Exercise goal
All lines of the records below that contain the word "color" must be listed.

Input for this task
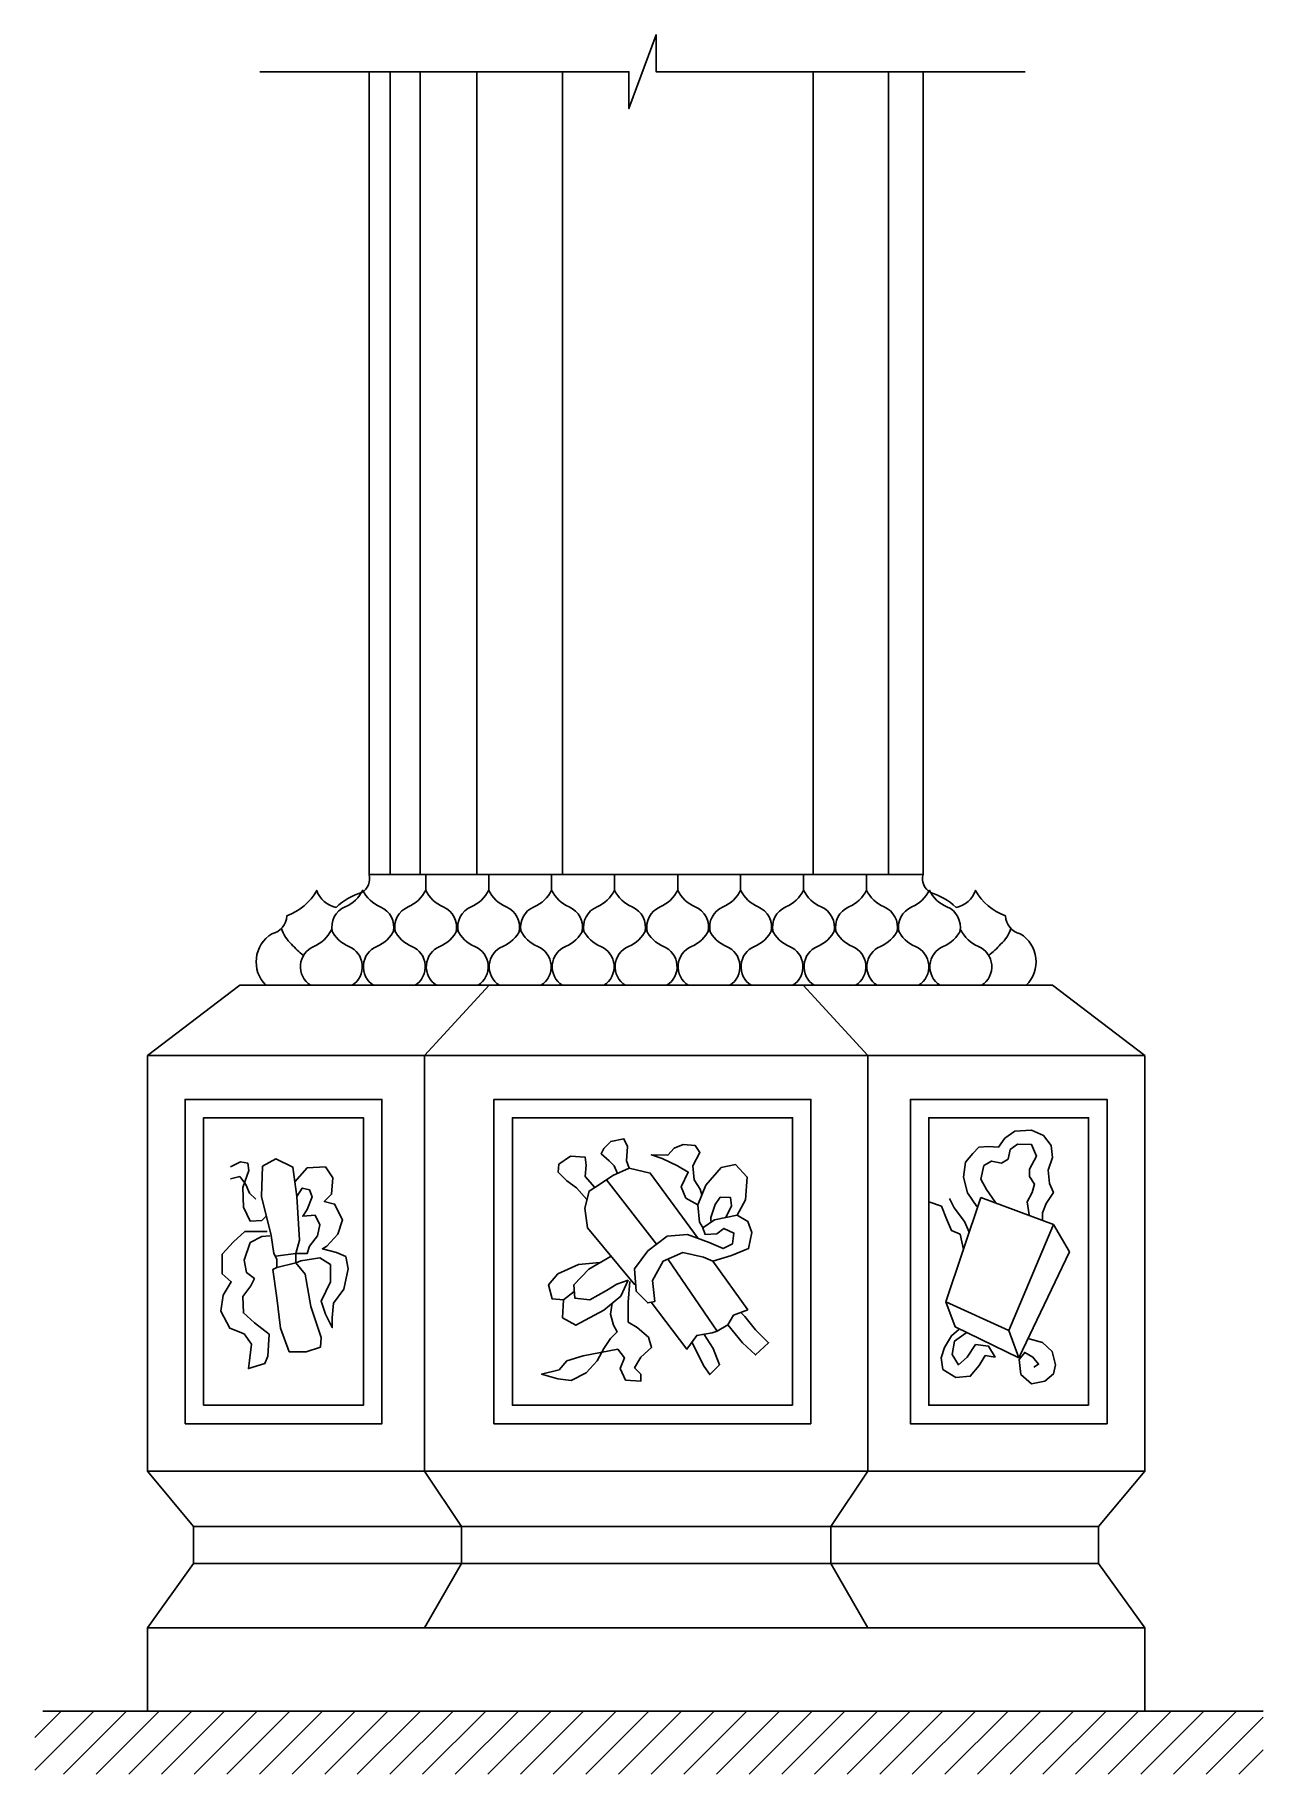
# Model space of a CAD drawing. Extents: x 2757 to 3401, y 500 to 1413.
import ezdxf

# ---------------------------------------------------------------- set-up
doc = ezdxf.new("R2010")
doc.units = 0
doc.header["$LTSCALE"] = 100
doc.header["$MEASUREMENT"] = 0
for name, color, linetype in [('2', 2, 'CONTINUOUS'), ('3', 3, 'CONTINUOUS'), ('4', 4, 'CONTINUOUS'), ('7', 7, 'CONTINUOUS')]:
    doc.layers.add(name, color=color, linetype=linetype)

msp = doc.modelspace()

# ---------------------------------------------------------------- hatches: boundary and pattern name
at = {"layer": '3'}
h = msp.add_hatch(dxfattribs=at)
h.set_pattern_fill('ANSI31', color=256, scale=96.9, style=0)
h.set_pattern_definition([(45, (-17531.65, 1351.489), (-8.564831, 8.564831), [])])
h.paths.add_polyline_path([(3401.39, 499.91), (3401.39, 533.02), (2756.84, 533.02), (2756.84, 499.91)])

# ---------------------------------------------------------------- linework, layer by layer
at = {"layer": '2'}
msp.add_line((2761.04, 533.02), (3401.39, 533.02), dxfattribs=at)
at = {"layer": '3'}
for p, q in [((3234.92, 747.74), (3253.21, 802.55)), ((3253.21, 802.55), (3291.39, 788.25)), ((3291.39, 788.25), (3267.93, 732.64)), ((3299.74, 773.95), (3291.39, 788.25)), ((3273.1, 718.35), (3299.74, 773.95)), ((3267.93, 732.64), (3234.92, 747.74)), ((3234.92, 747.74), (3239.69, 734.63)), ((3239.69, 734.63), (3273.1, 718.35)), ((3273.1, 718.35), (3267.93, 732.64))]:
    msp.add_line(p, q, dxfattribs=at)
for points in [[(3276.51, 1393.16), (3082.86, 1393.16), (3082.86, 1412.51), (3068.59, 1373.81), (3068.59, 1393.16), (2874.94, 1393.16)], [(2943.24, 1393.16), (2943.24, 971.98)], [(2958.96, 1393.16), (2958.96, 971.98)], [(2988.83, 1393.16), (2988.83, 971.98)], [(3033.79, 1393.16), (3033.79, 971.98)], [(3165.18, 971.98), (3165.18, 1393.16)], [(3204.79, 971.98), (3204.79, 1393.16)], [(3068.63, 817.83), (3067.37, 821.79), (3067.83, 829.16), (3065.98, 833.3), (3059.07, 831.92), (3055.38, 828.24), (3054, 825.48), (3058.15, 821.79), (3060.91, 819.03), (3062.66, 815.14)], [(3251.21, 797.77), (3246.22, 804.85), (3244.12, 813.23), (3245.17, 821.1), (3249.11, 825.55), (3252.26, 828.96), (3257.24, 829.22), (3262.49, 828.96), (3265.9, 833.68), (3271.15, 837.34), (3279.81, 837.87), (3286.1, 834.99), (3290.04, 829.74), (3290.83, 823.45), (3288.47, 816.9), (3289.25, 809.83), (3291.35, 805.11), (3287.42, 799.34), (3285.58, 794.36), (3285.58, 790.43)], [(3260.92, 799.87), (3256.19, 806.68), (3253.31, 812.19), (3254.88, 819.26), (3258.82, 821.62), (3264.07, 820.57), (3267.48, 822.67), (3268.53, 827.65), (3272.46, 830.53), (3279.81, 830.27), (3282.43, 824.24), (3278.76, 817.43), (3278.76, 813.5), (3281.38, 809.56), (3280.07, 805.11), (3277.45, 800.13), (3278.5, 793.32)], [(2890.27, 721.52), (2899.22, 721.52), (2906.68, 724), (2907.18, 728.97), (2901.71, 745.36), (2898.73, 762.25), (2893.75, 768.21), (2893.75, 773.18), (2895.74, 780.13), (2894.25, 802.98), (2892.26, 818.38), (2883.31, 822.85), (2876.35, 818.87), (2875.85, 802.98), (2880.82, 782.61), (2882.32, 773.18), (2883.81, 770.2), (2883.81, 765.72), (2881.82, 764.73), (2883.81, 749.83), (2885.8, 733.94), (2890.27, 721.52)], [(3050.65, 807.78), (3045.7, 813.5), (3046.16, 819.49), (3045.7, 823.63), (3037.86, 824.09), (3031.87, 819.95), (3031.41, 815.81), (3036.02, 811.2), (3041.09, 807.52), (3046.58, 801.36)], [(3104.81, 798.56), (3098.47, 802.22), (3096.03, 808.06), (3099.69, 815.86), (3094.08, 819.03), (3086.03, 822.93), (3080.42, 824.87), (3088.96, 824.63), (3092.37, 828.29), (3097.01, 830.23), (3103.35, 829.75), (3105.79, 826.09), (3102.13, 819.03), (3102.86, 811.72), (3106.03, 806.85), (3106.89, 803.8)], [(2859.58, 818.62), (2864.72, 821.18), (2868.58, 820.54), (2869.22, 816.69), (2866.01, 807.71), (2866.33, 797.44), (2869.86, 790.06), (2875.96, 790.39), (2878.21, 792.63)], [(2859.58, 812.2), (2864.4, 813.48), (2867.61, 809.31), (2869.54, 804.82), (2872.75, 801.61)], [(2893.26, 810.68), (2899.73, 817.98), (2909.37, 818.62), (2913.22, 812.84), (2912.58, 804.18), (2908.72, 800.33), (2914.18, 799.05), (2918.36, 790.71), (2915.79, 783.33), (2910.01, 776.91), (2907.76, 775.63), (2915.15, 773.7), (2919.97, 771.46), (2921.25, 765.04), (2919, 754.45), (2913.54, 747.08), (2912.9, 739.38), (2912.9, 734.24), (2909.37, 741.3), (2907.12, 748.04), (2911.94, 758.3), (2911.94, 767.29), (2906.48, 770.82), (2896.52, 769.21), (2893.95, 768.25)], [(3104.93, 780.95), (3079.77, 815.26), (3068.63, 817.83), (3060.07, 813.98), (3053.64, 809.7), (3047.65, 805.85), (3045.51, 796.87), (3046.79, 786.6), (3071.63, 756.66)], [(3125.3, 793.16), (3129.69, 801.24), (3130.67, 813.18), (3124.57, 819.76), (3117.01, 818.3), (3108.96, 809.04), (3104.81, 798.56), (3105.54, 789.55), (3107.44, 786.7)], [(2894.25, 802.98), (2897.16, 807.39), (2901.02, 806.43), (2902.3, 802.9), (2899.73, 796.16), (2897.48, 792.63), (2903.91, 793.27), (2906.48, 788.14), (2905.19, 782.37), (2901.02, 776.91), (2899.73, 773.06), (2893.75, 773.18)], [(3083.09, 777.96), (3056.86, 811.84)], [(3119.39, 791.94), (3122.37, 798.08), (3121.89, 802.46), (3116.52, 802.7), (3113.84, 798.81), (3111.64, 791.98), (3111.64, 790.04)], [(3244.07, 775.14), (3242.36, 783.18), (3237.83, 785.17), (3235.29, 791.33), (3232.56, 797.86), (3225.93, 800.27)], [(3247.16, 784.29), (3244.58, 789.81), (3239.24, 796.98), (3236.85, 801.95)], [(3131, 743.53), (3112.67, 769.16), (3122.44, 772), (3131.4, 775.67), (3133.03, 784.21), (3131, 789.9), (3125.3, 793.16), (3113.48, 790.72), (3107.37, 786.65), (3108.6, 782.99), (3114.71, 783.4), (3118.37, 786.24), (3123.67, 783.8), (3122.85, 778.11), (3117.96, 775.67), (3110.63, 778.92), (3099.23, 782.99), (3088.64, 782.17), (3078.46, 774.45), (3071.53, 765.09), (3072.35, 753.29), (3078.46, 747.19), (3082.12, 748), (3080.9, 758.99), (3086.6, 769.16), (3096.78, 773.63), (3107.78, 771.19), (3112.67, 769.16)], [(2878.85, 784.61), (2870.5, 784.61), (2866.97, 784.61), (2861.19, 779.16), (2855.09, 772.74), (2855.09, 762.48), (2859.9, 758.3), (2855.73, 751.25), (2854.44, 742.91), (2859.26, 733.92), (2866.65, 731.04), (2870.5, 725.58), (2869.54, 716.92), (2868.9, 712.75), (2877.57, 715.32), (2879.18, 719.17), (2879.82, 730.71), (2872.11, 736.81), (2866.33, 741.94), (2866.01, 750.6), (2870.18, 756.06), (2872.11, 759.91), (2867.93, 763.12), (2866.65, 769.53), (2869.86, 778.84), (2875.96, 782.04), (2880.14, 782.37)], [(2883.06, 771.69), (2893.75, 773.18)], [(2883.81, 765.72), (2893.75, 768.21)], [(3053.38, 768.3), (3042.14, 767.42), (3031.32, 762.51), (3026.41, 756.61), (3028.37, 749.25), (3034.27, 748.75), (3039.93, 753.17)], [(3059.21, 771.63), (3047.55, 764.96), (3039.68, 756.61), (3040.17, 749.74), (3048.04, 748.75), (3056.89, 753.67), (3062.3, 757.1), (3068.2, 759.07)], [(3114.88, 732.29), (3089.19, 769.92)], [(3059.84, 747.04), (3058.91, 741.23), (3060.5, 735.53), (3062.4, 732.04), (3058.91, 728.56), (3055.42, 723.18), (3051.94, 716.84), (3046.23, 710.51), (3038.3, 706.39), (3031.33, 707.34), (3022.77, 709.88), (3031.96, 712.09), (3036.08, 716.84), (3044.64, 719.38), (3062.72, 722.86), (3066.2, 718.43), (3063.98, 712.73), (3066.84, 706.71), (3074.76, 706.08), (3074.76, 709.88), (3071.59, 713.04), (3074.76, 718.74), (3080.47, 723.81), (3078.89, 729.19), (3072.86, 734.26), (3068.11, 737.11), (3068.11, 747.56), (3069.06, 758.33)], [(3034.27, 748.75), (3033.78, 739.42), (3040.66, 735.49), (3055.42, 743.35), (3064.27, 750.72), (3068.2, 759.07)], [(3080.29, 747.6), (3099.04, 722.88), (3104.17, 730.15), (3112.31, 731.43), (3114.88, 732.29), (3120.45, 735.71), (3123.44, 740.84), (3131, 743.53)], [(3120.45, 735.71), (3128.15, 726.3), (3135.01, 719.88), (3141.86, 726.3), (3135.01, 733.14), (3129.44, 739.98), (3127.22, 742.18)], [(3101.6, 726.51), (3108.03, 713.89), (3111.03, 709.62), (3116.16, 714.75), (3112.74, 723.3), (3108.03, 730.57)], [(3241.66, 733.16), (3237.84, 729.95), (3234.23, 723.73), (3232.42, 718.31), (3233.22, 712.3), (3240.05, 708.08), (3247.68, 708.69), (3252.3, 714.3), (3255.51, 719.52), (3260.73, 718.72), (3257.32, 724.53), (3250.49, 725.33), (3246.07, 718.72), (3241.46, 714.7), (3238.24, 720.12), (3239.45, 727.14), (3245.47, 731.55)], [(3278.54, 728.26), (3285.57, 726.5), (3290.59, 721.73), (3292.35, 714.71), (3291.35, 709.94), (3286.83, 706.18), (3279.8, 704.68), (3274.27, 709.69), (3273.27, 717.47), (3276.28, 721.23), (3280.55, 718.72), (3283.56, 714.96), (3281.05, 713.46)]]:
    msp.add_lwpolyline(points, dxfattribs=at)
at = {"layer": '4'}
for p, q in [((2932.24, 971.98), (2932.24, 1393.16)), ((3222.94, 971.98), (3222.94, 1393.16)), ((3222.94, 971.98), (2932.24, 971.98)), ((2864.41, 913.84), (2815.96, 877.02)), ((3290.77, 913.84), (2864.41, 913.84)), ((3290.77, 913.84), (3339.22, 877.02)), ((2815.96, 877.02), (2815.96, 658.99)), ((3339.22, 877.02), (2815.96, 877.02)), ((3339.22, 877.02), (3339.22, 658.99)), ((3339.22, 658.99), (2815.96, 658.99)), ((3315, 629.92), (2840.19, 629.92)), ((3315, 610.54), (2840.19, 610.54)), ((3339.22, 576.63), (2815.96, 576.63)), ((2815.96, 576.63), (2815.96, 533.02)), ((3339.22, 576.63), (3339.22, 533.02)), ((3339.22, 533.02), (2815.96, 533.02))]:
    msp.add_line(p, q, dxfattribs=at)
for points in [[(2878.11, 913.84, -0.487141), (2881.24, 940.86, 0.337075), (2889.08, 950.25, 0.178291), (2904.75, 963.56, 0.269777), (2914.94, 954.69, -0.107577), (2928.26, 962.51, 0.349626), (2932.24, 971.98, 0.349626)], [(3277.08, 913.84, 0.487141), (3273.94, 940.86, -0.337075), (3266.11, 950.25, -0.178291), (3250.44, 963.56, -0.269777), (3240.25, 954.69, 0.107577), (3226.93, 962.51, -0.349626), (3222.94, 971.98, -0.349626)]]:
    msp.add_lwpolyline(points, format="xyb", dxfattribs=at)
for points in [[(2995.23, 913.84), (2961.31, 877.02), (2961.31, 658.99), (2980.69, 629.92), (2980.69, 610.54), (2961.31, 576.63)], [(3159.96, 913.84), (3193.87, 877.02), (3193.87, 658.99), (3174.49, 629.92), (3174.49, 610.54), (3193.87, 576.63)], [(2815.96, 658.99), (2840.19, 629.92), (2840.19, 610.54), (2815.96, 576.63)], [(3339.22, 658.99), (3315, 629.92), (3315, 610.54), (3339.22, 576.63)]]:
    msp.add_lwpolyline(points, dxfattribs=at)
at = {"layer": '7'}
for p, q in [((2961.94, 963.69), (2961.94, 971.98)), ((2995, 963.71), (2995, 971.98)), ((3028, 963.69), (3028, 971.98)), ((3061.02, 963.69), (3061.02, 971.98)), ((3094.16, 963.69), (3094.16, 971.98)), ((3127.19, 963.69), (3127.19, 971.98)), ((3160.19, 963.71), (3160.19, 971.98)), ((3193.24, 963.69), (3193.24, 971.98))]:
    msp.add_line(p, q, dxfattribs=at)
for points in [[(2944.91, 941.82, 0.363404), (2938.14, 954.99, -0.182245), (2928.94, 963.71, -0.182245), (2919.75, 954.99, 0.35957), (2912.94, 941.97)], [(2977.89, 941.75, 0.364779), (2971.13, 954.97, -0.182245), (2961.94, 963.69, -0.182245), (2952.75, 954.97, 0.356674), (2945.92, 942.07)], [(3010.96, 941.82, 0.363404), (3004.19, 954.99, -0.182245), (2995, 963.71, -0.182245), (2985.81, 954.99, 0.35957), (2979, 941.97)], [(3043.95, 941.75, 0.364779), (3037.19, 954.97, -0.182245), (3028, 963.69, -0.182245), (3018.8, 954.97, 0.356674), (3011.97, 942.07, 0.356674)], [(3076.98, 941.75, 0.364779), (3070.21, 954.97, -0.182245), (3061.02, 963.69, -0.182245), (3051.83, 954.97, 0.356674), (3045, 942.07)], [(3078.21, 941.75, -0.364779), (3084.97, 954.97, 0.182245), (3094.16, 963.69, 0.182245), (3103.35, 954.97, -0.356674), (3110.19, 942.07)], [(3111.24, 941.75, -0.364779), (3118, 954.97, 0.182245), (3127.19, 963.69, 0.182245), (3136.38, 954.97, -0.356674), (3143.21, 942.07, -0.356674)], [(3144.22, 941.82, -0.363404), (3150.99, 954.99, 0.182245), (3160.19, 963.71, 0.182245), (3169.38, 954.99, -0.35957), (3176.19, 941.97)], [(3177.29, 941.75, -0.364779), (3184.05, 954.97, 0.182245), (3193.24, 963.69, 0.182245), (3202.44, 954.97, -0.356674), (3209.27, 942.07)], [(3210.28, 941.82, -0.363404), (3217.05, 954.99, 0.182245), (3226.24, 963.71, 0.182245), (3235.43, 954.99, -0.35957), (3242.24, 941.97)], [(2897.83, 929.46, -0.052355), (2891.58, 935.41, -0.143585), (2886.23, 943.67)], [(2901.56, 913.82, -0.605271), (2903.26, 934.19, 0.182245), (2912.46, 942.91, 0.182245)], [(2923.36, 913.82, 0.605271), (2921.65, 934.19, -0.182245), (2912.46, 942.91, -0.182245)], [(2934.59, 913.82, -0.605271), (2936.29, 934.19, 0.182245), (2945.48, 942.91, 0.182245)], [(2956.38, 913.82, 0.605271), (2954.68, 934.19, -0.182245), (2945.48, 942.91, -0.182245)], [(2967.61, 913.82, -0.605271), (2969.32, 934.19, 0.182245), (2978.51, 942.91, 0.182245)], [(2989.41, 913.82, 0.605271), (2987.7, 934.19, -0.182245), (2978.51, 942.91, -0.182245)], [(3000.64, 913.82, -0.605271), (3002.35, 934.19, 0.182245), (3011.54, 942.91, 0.182245)], [(3022.44, 913.82, 0.605271), (3020.73, 934.19, -0.182245), (3011.54, 942.91, -0.182245)], [(3033.67, 913.82, -0.605271), (3035.37, 934.19, 0.182245), (3044.57, 942.91, 0.182245)], [(3055.46, 913.82, 0.605271), (3053.76, 934.19, -0.182245), (3044.57, 942.91, -0.182245)], [(3066.69, 913.82, -0.605271), (3068.4, 934.19, 0.182245), (3077.59, 942.91, 0.182245)], [(3088.49, 913.82, 0.605271), (3086.78, 934.19, -0.182245), (3077.59, 942.91, -0.182245)], [(3099.72, 913.82, -0.605271), (3101.43, 934.19, 0.182245), (3110.62, 942.91, 0.182245)], [(3121.52, 913.82, 0.605271), (3119.81, 934.19, -0.182245), (3110.62, 942.91, -0.182245)], [(3132.75, 913.82, -0.605271), (3134.45, 934.19, 0.182245), (3143.65, 942.91, 0.182245)], [(3154.55, 913.82, 0.605271), (3152.84, 934.19, -0.182245), (3143.65, 942.91, -0.182245)], [(3165.78, 913.82, -0.605271), (3167.48, 934.19, 0.182245), (3176.67, 942.91, 0.182245)], [(3187.57, 913.82, 0.605271), (3185.87, 934.19, -0.182245), (3176.67, 942.91, -0.182245)], [(3198.8, 913.82, -0.605271), (3200.51, 934.19, 0.182245), (3209.7, 942.91, 0.182245)], [(3220.6, 913.82, 0.605271), (3218.89, 934.19, -0.182245), (3209.7, 942.91, -0.182245)], [(3231.83, 913.82, -0.605271), (3233.54, 934.19, 0.182245), (3242.73, 942.91, 0.182245)], [(3253.63, 913.82, 0.605271), (3251.92, 934.19, -0.182245), (3242.73, 942.91, -0.182245)], [(3257.35, 929.46, 0.052355), (3263.61, 935.41, 0.143585), (3268.95, 943.67)]]:
    msp.add_lwpolyline(points, format="xyb", dxfattribs=at)
for points in [[(2835.7, 683.78), (2938.95, 683.78), (2938.95, 853.98), (2835.7, 853.98)], [(3164.11, 683.78), (2997.72, 683.78), (2997.72, 853.98), (3164.11, 853.98)], [(3319.48, 683.78), (3216.24, 683.78), (3216.24, 853.98), (3319.48, 853.98)], [(2845.39, 693.47), (2929.26, 693.47), (2929.26, 844.29), (2845.39, 844.29)], [(3154.42, 693.47), (3007.41, 693.47), (3007.41, 844.29), (3154.42, 844.29)], [(3309.79, 693.47), (3225.93, 693.47), (3225.93, 844.29), (3309.79, 844.29)]]:
    msp.add_lwpolyline(points, close=True, dxfattribs=at)

doc.saveas('drawing.dxf')

Result of the task
for name, color, linetype in [('2', 2, 'CONTINUOUS'), ('3', 3, 'CONTINUOUS'), ('4', 4, 'CONTINUOUS'), ('7', 7, 'CONTINUOUS')]:
    doc.layers.add(name, color=color, linetype=linetype)
h.set_pattern_fill('ANSI31', color=256, scale=96.9, style=0)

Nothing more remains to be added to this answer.